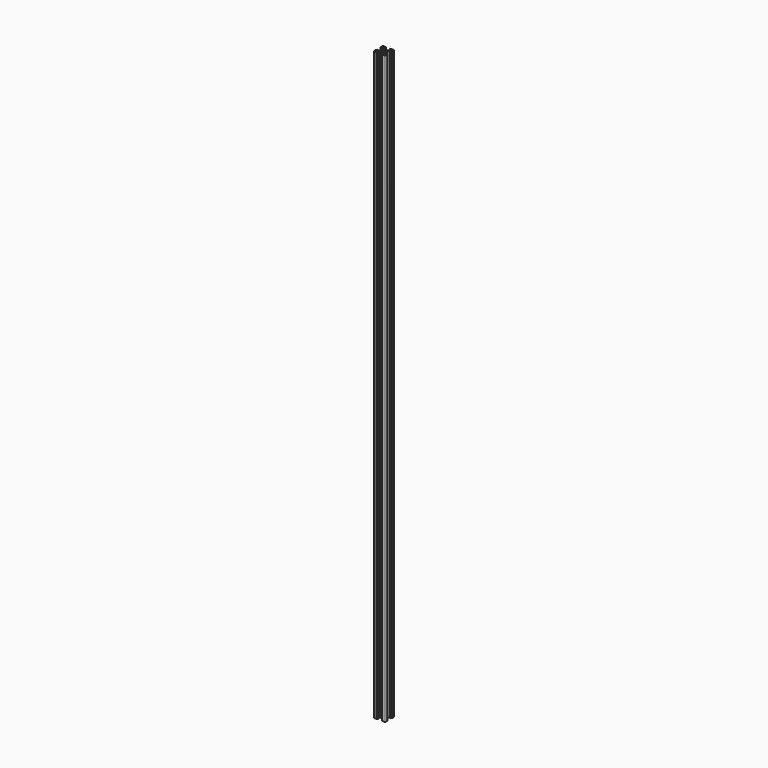
from build123d import *

# Parameters (mm, degrees)
F0_R     = 2.09999979
F1_DEPTH = 1000


# Not quite as in the source:
# - ends of sketch curves that miss each other by under 0.0002 mm in the source are joined


with BuildPart() as f1:
    # F0 (on Top) → F1 (new body)
    with BuildSketch(Plane.XY):
        with BuildLine():
            Line((-4.639999536, 10), (-8.50000015, 10))
            ThreePointArc((-8.50000015, 10), (-9.5606602157, 9.5606602157), (-10, 8.50000015))
            Line((-10, 8.50000015), (-10, 4.639999536))
            Line((-10, 4.639999536), (-8.19999818, 2.839999716))
            Line((-8.19999818, 2.839999716), (-8.19999818, 5.4993384501))
            Line((-8.19999818, 5.4993384501), (-6.559999344, 5.4993384501))
            Line((-6.559999344, 5.4993384501), (-3.9006596099, 2.839999716))
            Line((-3.9006596099, 2.839999716), (-3.9006596099, 0.19999898))
            Line((-3.9006596099, 0.19999898), (-3.7006596299, -1e-06))
            Line((-3.7006596299, -1e-06), (-3.9006596099, -0.20000098))
            Line((-3.9006596099, -0.20000098), (-3.9006596099, -2.840000716))
            Line((-3.9006596099, -2.840000716), (-6.559999344, -5.4993404501))
            Line((-6.559999344, -5.4993404501), (-8.19999818, -5.4993404501))
            Line((-8.19999818, -5.4993404501), (-8.19999818, -2.840000716))
            Line((-8.19999818, -2.840000716), (-10, -4.640000536))
            Line((-10, -4.640000536), (-10, -8.50000115))
            ThreePointArc((-10, -8.50000115), (-9.5606602157, -9.5606612157), (-8.50000015, -10.000001))
            Line((-8.50000015, -10.000001), (-4.639999536, -10))
            Line((-4.639999536, -10), (-2.839999716, -8.20000018))
            Line((-2.839999716, -8.20000018), (-5.4993394501, -8.20000018))
            Line((-5.4993394501, -8.20000018), (-5.4993394501, -6.560000344))
            Line((-5.4993394501, -6.560000344), (-2.839999716, -3.9006606099))
            Line((-2.839999716, -3.9006606099), (-0.19999898, -3.9006606099))
            Line((-0.19999898, -3.9006606099), (1e-06, -3.7006606299))
            Line((1e-06, -3.7006606299), (0.20000098, -3.9006606099))
            Line((0.20000098, -3.9006606099), (2.839999716, -3.9006606099))
            Line((2.839999716, -3.9006606099), (5.4993414501, -6.560000344))
            Line((5.4993414501, -6.560000344), (5.4993414501, -8.20000018))
            Line((5.4993414501, -8.20000018), (2.839999716, -8.20000018))
            Line((2.839999716, -8.20000018), (4.639999536, -10))
            Line((4.639999536, -10), (8.50000015, -10))
            ThreePointArc((8.50000015, -10), (9.5606602157, -9.5606612157), (10, -8.50000115))
            Line((10, -8.50000115), (10, -4.640000536))
            Line((10, -4.640000536), (8.20000018, -2.840000716))
            Line((8.20000018, -2.840000716), (8.20000018, -5.4993404501))
            Line((8.20000018, -5.4993404501), (6.560000344, -5.4993404501))
            Line((6.560000344, -5.4993404501), (3.9006596099, -2.840000716))
            Line((3.9006596099, -2.840000716), (3.9006596099, -0.20000098))
            Line((3.9006596099, -0.20000098), (3.7006596299, -1e-06))
            Line((3.7006596299, -1e-06), (3.9006596099, 0.19999898))
            Line((3.9006596099, 0.19999898), (3.9006596099, 2.839999716))
            Line((3.9006596099, 2.839999716), (6.560000344, 5.4993384501))
            Line((6.560000344, 5.4993384501), (8.20000018, 5.4993384501))
            Line((8.20000018, 5.4993384501), (8.20000018, 2.839999716))
            Line((8.20000018, 2.839999716), (10, 4.639999536))
            Line((10, 4.639999536), (10, 8.50000015))
            ThreePointArc((10, 8.50000015), (9.5606602157, 9.5606602157), (8.50000015, 10))
            Line((8.50000015, 10), (4.639999536, 10))
            Line((4.639999536, 10), (2.839999716, 8.20000018))
            Line((2.839999716, 8.20000018), (5.4993414501, 8.20000018))
            Line((5.4993414501, 8.20000018), (5.4993414501, 6.559998344))
            Line((5.4993414501, 6.559998344), (2.839999716, 3.9006596099))
            Line((2.839999716, 3.9006596099), (0.20000098, 3.9006596099))
            Line((0.20000098, 3.9006596099), (1e-06, 3.7006596299))
            Line((1e-06, 3.7006596299), (-0.19999898, 3.9006596099))
            Line((-0.19999898, 3.9006596099), (-2.839999716, 3.9006596099))
            Line((-2.839999716, 3.9006596099), (-5.4993394501, 6.559998344))
            Line((-5.4993394501, 6.559998344), (-5.4993394501, 8.20000018))
            Line((-5.4993394501, 8.20000018), (-2.839999716, 8.20000018))
            Line((-2.839999716, 8.20000018), (-4.639999536, 10))
        make_face()
        Polygon((-6.5693393431, -8.20000018), (-8.19999818, -8.20000018), (-8.19999818, -6.5693403431), (-7.629998237, -6.5693403431), (-6.5693393431, -7.630000237), align=None, mode=Mode.SUBTRACT)
        Polygon((8.20000018, -8.20000018), (6.5693393431, -8.20000018), (6.5693393431, -7.630000237), (7.630002237, -6.5693403431), (8.20000018, -6.5693403431), align=None, mode=Mode.SUBTRACT)
        with Locations((1e-06, -1e-06)):
            Circle(F0_R, mode=Mode.SUBTRACT)
        Polygon((-8.19999818, 8.20000018), (-6.5693393431, 8.20000018), (-6.5693393431, 7.629999237), (-7.629998237, 6.5693393431), (-8.19999818, 6.5693393431), align=None, mode=Mode.SUBTRACT)
        Polygon((6.5693393431, 8.20000018), (8.20000018, 8.20000018), (8.20000018, 6.5693393431), (7.630002237, 6.5693393431), (6.5693393431, 7.629999237), align=None, mode=Mode.SUBTRACT)
    extrude(amount=F1_DEPTH)


solid = f1.part

▸ **THE TASK**
From the records above, transcribe exactly the run of lines that opens with the line holding "Line((2.839999716, -3.9006606099), (5.4993414501, -6.560000344))" and closes with the line holding "9.5606602157), (8.50000015, 10))", both included.

▸ **ANSWER**
            Line((2.839999716, -3.9006606099), (5.4993414501, -6.560000344))
            Line((5.4993414501, -6.560000344), (5.4993414501, -8.20000018))
            Line((5.4993414501, -8.20000018), (2.839999716, -8.20000018))
            Line((2.839999716, -8.20000018), (4.639999536, -10))
            Line((4.639999536, -10), (8.50000015, -10))
            ThreePointArc((8.50000015, -10), (9.5606602157, -9.5606612157), (10, -8.50000115))
            Line((10, -8.50000115), (10, -4.640000536))
            Line((10, -4.640000536), (8.20000018, -2.840000716))
            Line((8.20000018, -2.840000716), (8.20000018, -5.4993404501))
            Line((8.20000018, -5.4993404501), (6.560000344, -5.4993404501))
            Line((6.560000344, -5.4993404501), (3.9006596099, -2.840000716))
            Line((3.9006596099, -2.840000716), (3.9006596099, -0.20000098))
            Line((3.9006596099, -0.20000098), (3.7006596299, -1e-06))
            Line((3.7006596299, -1e-06), (3.9006596099, 0.19999898))
            Line((3.9006596099, 0.19999898), (3.9006596099, 2.839999716))
            Line((3.9006596099, 2.839999716), (6.560000344, 5.4993384501))
            Line((6.560000344, 5.4993384501), (8.20000018, 5.4993384501))
            Line((8.20000018, 5.4993384501), (8.20000018, 2.839999716))
            Line((8.20000018, 2.839999716), (10, 4.639999536))
            Line((10, 4.639999536), (10, 8.50000015))
            ThreePointArc((10, 8.50000015), (9.5606602157, 9.5606602157), (8.50000015, 10))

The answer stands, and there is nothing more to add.